Tools for Comparative Genomics

How the genomes were aligned

We used the VISTA pipeline infrastructure [Frazer et al., 2004], based on efficient combination of global and local alignment methods, for the construction of genome-wide pairwise and multiple DNA alignments [Dubchak et al., 2009]. First, we obtain a map of large blocks of conserved synteny between the two species by applying Shuffle-LAGAN glocal chaining algorithm [Brudno et al., 2003] to local alignments produced by translated BLAT [Kent, 2002]. After that we use Supermap, the fully symmetric whole-genome extension to the Shuffle-LAGAN. Then, in each syntenic block we apply Shuffle-LAGAN a second time to obtain a more fine-grained map of small-scale rearrangements such as inversions. A similar strategy is implemented in GenomeVISTA, which allows user-submitted sequences to be aligned and compared against whole genome assemblies (base genomes).

There are three schemes of data presentation on the whole genome scale available for the user -- the VISTA Browser, the VISTA track on the mirrored UCSC genome browser, and the VISTA Point. You will find Help pages here.

VISTA Browser is a Java applet, very efficient for interactively visualizing results of comparative sequence analysis in the VISTA format on the scale of whole chromosomes along with annotations. The user may select any genome as the reference or base, and display the level of conservation between this reference and the sequences of another species in a particular interval. A user can use default values for conservation cutoffs (X% over Y bp), or specify them. Conserved regions are highlighted under the curve, with different colors used for coding and noncoding sequences. The browser has a number of options, such as zoom, extraction of a region to be displayed, user-defined parameters for conservation level, and options for selecting sequence elements to study. VISTA Browser is realized as a dynamic web-interface synchronized with the central MySQL.

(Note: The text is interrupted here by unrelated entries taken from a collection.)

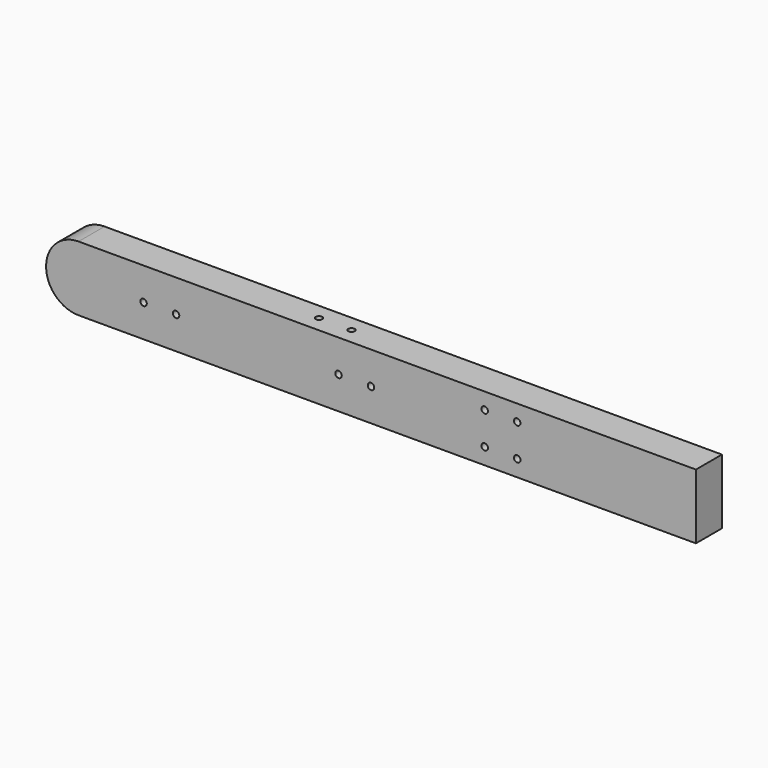
from build123d import *

# Parameters (mm, degrees)
F0_W     = 1000
F0_H     = 100
F1_DEPTH = 50
F3_R     = 5
F4_DEPTH = 25
F2_R     = 5
F5_DEPTH = 50
F6_R     = 5
F7_DEPTH = 50
F8_R     = 49.99999


# Not quite as in the source:
# - a fillet or chamfer is up to 0.001 mm smaller than in the source, because OpenCascade refuses the exact size


with BuildPart() as f1:
    # F0 (on Front) → F1 (new body)
    with BuildSketch(Plane.XZ):
        Rectangle(F0_W, F0_H)
    extrude(amount=F1_DEPTH)

    # F3 (on face) → F4 (cut)
    with BuildSketch(Plane.XY.offset(50)):
        with Locations((-100, -25)):
            Circle(F3_R)
        with Locations((-50, -25)):
            Circle(F3_R)
    extrude(amount=-F4_DEPTH, mode=Mode.SUBTRACT)

    # F2 (on face) → F5 (cut)
    with BuildSketch(Plane.XZ.offset(50)):
        with Locations((-50, 0)):
            Circle(F2_R)
        Circle(F2_R)
        with Locations((-350, 0)):
            Circle(F2_R)
        with Locations((-300, 0)):
            Circle(F2_R)
    extrude(amount=-F5_DEPTH, mode=Mode.SUBTRACT)

    # F6 (on face) → F7 (cut)
    with BuildSketch(Plane(origin=(0, 0, 0), x_dir=(-1, 0, 0), z_dir=(0, 1, 0))):
        with Locations((-225, -25)):
            Circle(F6_R)
        with Locations((-175, -25)):
            Circle(F6_R)
        with Locations((-225, 25)):
            Circle(F6_R)
        with Locations((-175, 25)):
            Circle(F6_R)
    extrude(amount=-F7_DEPTH, mode=Mode.SUBTRACT)

    # F8 (radius 50 in the source; OpenCascade refuses exactly that, so slightly less here)
    f8_edges = [f1.edges().sort_by_distance(p)[0] for p in [
        (-500, -25, 50),
        (-500, -25, -50),
    ]]
    fillet(f8_edges, radius=F8_R)


solid = f1.part

VISTA track displays results of our comparative analysis in the context of the whole genome annotation on the mirrored UCSC Genome Browser. VISTA track dynamically creates VISTA plots for each defined region and unlike VISTA Browser can display multiple individual plots if there is an overlap in alignments. VISTA track is accessible from the VISTA Browser by clicking the "UCSC+Vista" button.

VISTA Point is the most direct front end to the central MySQL database. It is also linked to the VISTA Browser and allows a user to examine detailed information about each sequence aligned to the selected region on the base genome. For each aligned region, information such as exact locations of alignments on both genomes, the sequences, alignments, and coordinates of conserved regions are easily retrieved. VISTA Point also gives access to rVISTA to obtain a prediction of potential transcription factor binding sites for any region of a base genome.

Frazer KA, Pachter L, Poliakov A, Rubin EM, Dubchak I. VISTA: computational tools for comparative genomics. Nucleic Acids Res. 2004 Jul 1;32(Web Server issue):W273-9.

Dubchak I, Poliakov A, Kislyuk A, Brudno M. Multiple whole-genome alignments without a reference organism. Genome Res. 2009 Apr;19(4):682-9. Epub 2009 Jan 28.

Brudno M, Malde S, Poliakov A, Do CB, Couronne O, Dubchak I, Batzoglou S; Glocal alignment: finding rearrangements during alignment. Special Issue on the Proceedings of the ISMB 2003, Bioinformatics, 19: 54i-62i.

Kent WJ. BLAT -- the BLAST-like alignment tool. Genome Res. 2002 4:656-64.